Chapters I enjoyed the most were “Object-oriented reengineering”, “On the interplay between…” and “Evolution Issues in AOP”.

I wish there was a chapter about evolutionary issues in model-driven engineering, which is an important area of research. I therefore would recommend “Model-Driven Software Evolution: A Research Agenda” as a complement to this book.

The book is accessible to non-expert and I learned a lot while reading it. The book is definitively worth looking at for anyone interested to understand what “software evolution” is all about.

Introduction to Reliable Distributed Programming

This book discusses distributed algorithms in the context of reliable application development. The algorithms are described intuitively and presented in pseudo-code as well. Even though this is an academic book, it is not too theoretical and is easy to follow. Theoretical complexity of the algorithms was for instance omitted on purpose.

The book presents the programming abstraction incrementally. It starts first with a recap of time abstractions and then builds a stack of algorithms in the following way: network and link abstractions, broadcast abstractions, shared memory abstractions, and consensus abstractions. The last chapter is about programming models used in real systems, for instance group communication or state machine replication.

If you are eager to learn how stuff work under the hood or want to have solid foundations to address reliable distributed programming, I recommend this book. I enjoyed reading it, but would have appreciated a bit more coverage of programming models in the last chapter.

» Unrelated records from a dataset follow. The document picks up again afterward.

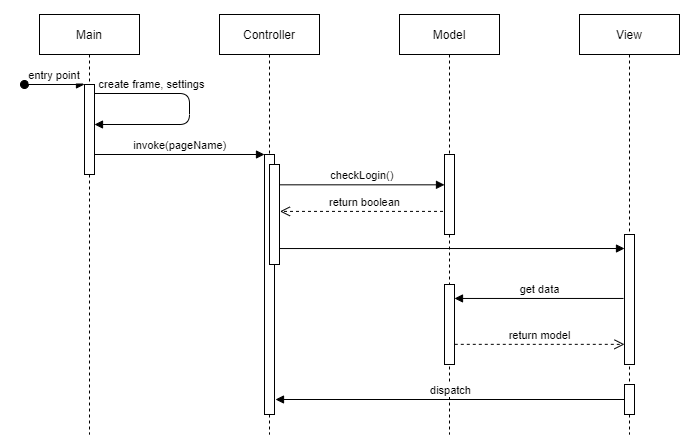

The diagram above was exported from draw.io. Its source (the exported page's mxGraphModel, read from the mxfile embedded in the PNG):
<mxGraphModel dx="1117" dy="620" grid="1" gridSize="10" guides="1" tooltips="1" connect="1" arrows="1" fold="1" page="1" pageScale="1" pageWidth="850" pageHeight="1100" math="0" shadow="0">
  <root>
    <mxCell id="0" />
    <mxCell id="1" parent="0" />
    <mxCell id="sRbTyOPC7hshjv81DQXS-4" value="return boolean" style="html=1;verticalAlign=bottom;endArrow=open;dashed=1;endSize=8;entryX=1.043;entryY=0.469;entryDx=0;entryDy=0;entryPerimeter=0;" edge="1" parent="1" source="sRbTyOPC7hshjv81DQXS-1" target="sRbTyOPC7hshjv81DQXS-21">
      <mxGeometry relative="1" as="geometry">
        <mxPoint x="440" y="240" as="sourcePoint" />
        <mxPoint x="354" y="280" as="targetPoint" />
      </mxGeometry>
    </mxCell>
    <mxCell id="3nuBFxr9cyL0pnOWT2aG-1" value="Main" style="shape=umlLifeline;perimeter=lifelinePerimeter;container=1;collapsible=0;recursiveResize=0;rounded=0;shadow=0;strokeWidth=1;" parent="1" vertex="1">
      <mxGeometry x="120" y="80" width="100" height="420" as="geometry" />
    </mxCell>
    <mxCell id="3nuBFxr9cyL0pnOWT2aG-2" value="" style="points=[];perimeter=orthogonalPerimeter;rounded=0;shadow=0;strokeWidth=1;" parent="3nuBFxr9cyL0pnOWT2aG-1" vertex="1">
      <mxGeometry x="45" y="70" width="10" height="90" as="geometry" />
    </mxCell>
    <mxCell id="3nuBFxr9cyL0pnOWT2aG-3" value="entry point" style="verticalAlign=bottom;startArrow=oval;endArrow=block;startSize=8;shadow=0;strokeWidth=1;" parent="3nuBFxr9cyL0pnOWT2aG-1" target="3nuBFxr9cyL0pnOWT2aG-2" edge="1">
      <mxGeometry relative="1" as="geometry">
        <mxPoint x="-15" y="70" as="sourcePoint" />
      </mxGeometry>
    </mxCell>
    <mxCell id="sRbTyOPC7hshjv81DQXS-15" value="create frame, settings" style="html=1;verticalAlign=bottom;endArrow=block;" edge="1" parent="3nuBFxr9cyL0pnOWT2aG-1" target="3nuBFxr9cyL0pnOWT2aG-2">
      <mxGeometry x="-0.4968" width="80" relative="1" as="geometry">
        <mxPoint x="55" y="79" as="sourcePoint" />
        <mxPoint x="110" y="130" as="targetPoint" />
        <Array as="points">
          <mxPoint x="150" y="79" />
          <mxPoint x="150" y="110" />
        </Array>
        <mxPoint x="1" as="offset" />
      </mxGeometry>
    </mxCell>
    <mxCell id="3nuBFxr9cyL0pnOWT2aG-5" value="Controller" style="shape=umlLifeline;perimeter=lifelinePerimeter;container=1;collapsible=0;recursiveResize=0;rounded=0;shadow=0;strokeWidth=1;" parent="1" vertex="1">
      <mxGeometry x="300" y="80" width="100" height="420" as="geometry" />
    </mxCell>
    <mxCell id="3nuBFxr9cyL0pnOWT2aG-6" value="" style="points=[];perimeter=orthogonalPerimeter;rounded=0;shadow=0;strokeWidth=1;" parent="3nuBFxr9cyL0pnOWT2aG-5" vertex="1">
      <mxGeometry x="45" y="140" width="10" height="260" as="geometry" />
    </mxCell>
    <mxCell id="3nuBFxr9cyL0pnOWT2aG-8" value="invoke(pageName)" style="verticalAlign=bottom;endArrow=block;shadow=0;strokeWidth=1;exitX=1;exitY=0.6;exitDx=0;exitDy=0;exitPerimeter=0;" parent="1" target="3nuBFxr9cyL0pnOWT2aG-6" edge="1">
      <mxGeometry relative="1" as="geometry">
        <mxPoint x="175" y="219.9999999999999" as="sourcePoint" />
        <mxPoint x="346" y="160" as="targetPoint" />
      </mxGeometry>
    </mxCell>
    <mxCell id="sRbTyOPC7hshjv81DQXS-1" value="Model" style="shape=umlLifeline;perimeter=lifelinePerimeter;container=1;collapsible=0;recursiveResize=0;rounded=0;shadow=0;strokeWidth=1;" vertex="1" parent="1">
      <mxGeometry x="480" y="80" width="100" height="420" as="geometry" />
    </mxCell>
    <mxCell id="sRbTyOPC7hshjv81DQXS-9" value="" style="points=[];perimeter=orthogonalPerimeter;rounded=0;shadow=0;strokeWidth=1;" vertex="1" parent="sRbTyOPC7hshjv81DQXS-1">
      <mxGeometry x="45" y="270" width="10" height="80" as="geometry" />
    </mxCell>
    <mxCell id="sRbTyOPC7hshjv81DQXS-2" value="" style="points=[];perimeter=orthogonalPerimeter;rounded=0;shadow=0;strokeWidth=1;" vertex="1" parent="sRbTyOPC7hshjv81DQXS-1">
      <mxGeometry x="45" y="140" width="10" height="80" as="geometry" />
    </mxCell>
    <mxCell id="sRbTyOPC7hshjv81DQXS-3" value="checkLogin()" style="verticalAlign=bottom;endArrow=block;shadow=0;strokeWidth=1;entryX=0;entryY=0.379;entryDx=0;entryDy=0;entryPerimeter=0;" edge="1" parent="1" source="sRbTyOPC7hshjv81DQXS-21" target="sRbTyOPC7hshjv81DQXS-2">
      <mxGeometry relative="1" as="geometry">
        <mxPoint x="370" y="240" as="sourcePoint" />
        <mxPoint x="527" y="250" as="targetPoint" />
      </mxGeometry>
    </mxCell>
    <mxCell id="sRbTyOPC7hshjv81DQXS-5" value="View" style="shape=umlLifeline;perimeter=lifelinePerimeter;container=1;collapsible=0;recursiveResize=0;rounded=0;shadow=0;strokeWidth=1;" vertex="1" parent="1">
      <mxGeometry x="660" y="80" width="100" height="420" as="geometry" />
    </mxCell>
    <mxCell id="sRbTyOPC7hshjv81DQXS-17" value="" style="points=[];perimeter=orthogonalPerimeter;rounded=0;shadow=0;strokeWidth=1;" vertex="1" parent="sRbTyOPC7hshjv81DQXS-5">
      <mxGeometry x="45" y="370" width="10" height="30" as="geometry" />
    </mxCell>
    <mxCell id="sRbTyOPC7hshjv81DQXS-10" value="" style="html=1;verticalAlign=bottom;endArrow=block;exitX=1.2;exitY=0.867;exitDx=0;exitDy=0;exitPerimeter=0;entryX=0;entryY=0.467;entryDx=0;entryDy=0;entryPerimeter=0;" edge="1" parent="1">
      <mxGeometry width="80" relative="1" as="geometry">
        <mxPoint x="357" y="314.03999999999996" as="sourcePoint" />
        <mxPoint x="705" y="314.01" as="targetPoint" />
      </mxGeometry>
    </mxCell>
    <mxCell id="sRbTyOPC7hshjv81DQXS-11" value="" style="points=[];perimeter=orthogonalPerimeter;rounded=0;shadow=0;strokeWidth=1;" vertex="1" parent="1">
      <mxGeometry x="705" y="300" width="10" height="130" as="geometry" />
    </mxCell>
    <mxCell id="sRbTyOPC7hshjv81DQXS-12" value="get data" style="html=1;verticalAlign=bottom;endArrow=block;exitX=-0.1;exitY=0.492;exitDx=0;exitDy=0;exitPerimeter=0;" edge="1" parent="1" source="sRbTyOPC7hshjv81DQXS-11" target="sRbTyOPC7hshjv81DQXS-9">
      <mxGeometry width="80" relative="1" as="geometry">
        <mxPoint x="700" y="358" as="sourcePoint" />
        <mxPoint x="540" y="367" as="targetPoint" />
      </mxGeometry>
    </mxCell>
    <mxCell id="sRbTyOPC7hshjv81DQXS-14" value="return model" style="html=1;verticalAlign=bottom;endArrow=open;dashed=1;endSize=8;exitX=1.029;exitY=0.748;exitDx=0;exitDy=0;exitPerimeter=0;" edge="1" parent="1" source="sRbTyOPC7hshjv81DQXS-9" target="sRbTyOPC7hshjv81DQXS-11">
      <mxGeometry relative="1" as="geometry">
        <mxPoint x="540" y="410" as="sourcePoint" />
        <mxPoint x="680" y="410" as="targetPoint" />
      </mxGeometry>
    </mxCell>
    <mxCell id="sRbTyOPC7hshjv81DQXS-19" value="dispatch" style="html=1;verticalAlign=bottom;endArrow=block;entryX=1.1;entryY=0.5;entryDx=0;entryDy=0;entryPerimeter=0;" edge="1" parent="1" source="sRbTyOPC7hshjv81DQXS-17">
      <mxGeometry width="80" relative="1" as="geometry">
        <mxPoint x="707" y="462" as="sourcePoint" />
        <mxPoint x="356" y="465" as="targetPoint" />
      </mxGeometry>
    </mxCell>
    <mxCell id="sRbTyOPC7hshjv81DQXS-21" value="" style="points=[];perimeter=orthogonalPerimeter;rounded=0;shadow=0;strokeWidth=1;" vertex="1" parent="1">
      <mxGeometry x="350" y="230" width="10" height="100" as="geometry" />
    </mxCell>
  </root>
</mxGraphModel>

97 Things Every Software Architect Should Know

This book is a collection of 97 articles, written by various authors, about software engineering and architecture. The articles are short (no more than 2 pages) and easy to read. Each one is focused on one principle.

The book is not a definitive receipe on how to conduct a project and be sucessful. It’s rather a set of – more or less generic – advices to think about: did I had similar experience? Should I remember this advice next time I start a project? Is this advice relevant in my position? etc.

What is nice about the book is that it covers a wide spectrum of problems faced when building a piece of software.  There are not only reflexions about technology, but also communication issues, risk management, managing people motivation,  taste and opinions, the necessity of having a vision and a leader, etc. What matters utlimately is the delivery of a solution that addresses the real customer problems.

My top 10 favorites are:

“Perfect” is the Enemy of “Good Enough”

Great software is not built, it is grown

If there is only one solution, get a second opinion

Make sure the simple stuff is simple

Shortcuts now are paid back with interest later

Prefer principles, axioms and analogies to opinion and taste

Simplify essential complexity; diminish accidental complexity

Your system is legacy, design for it.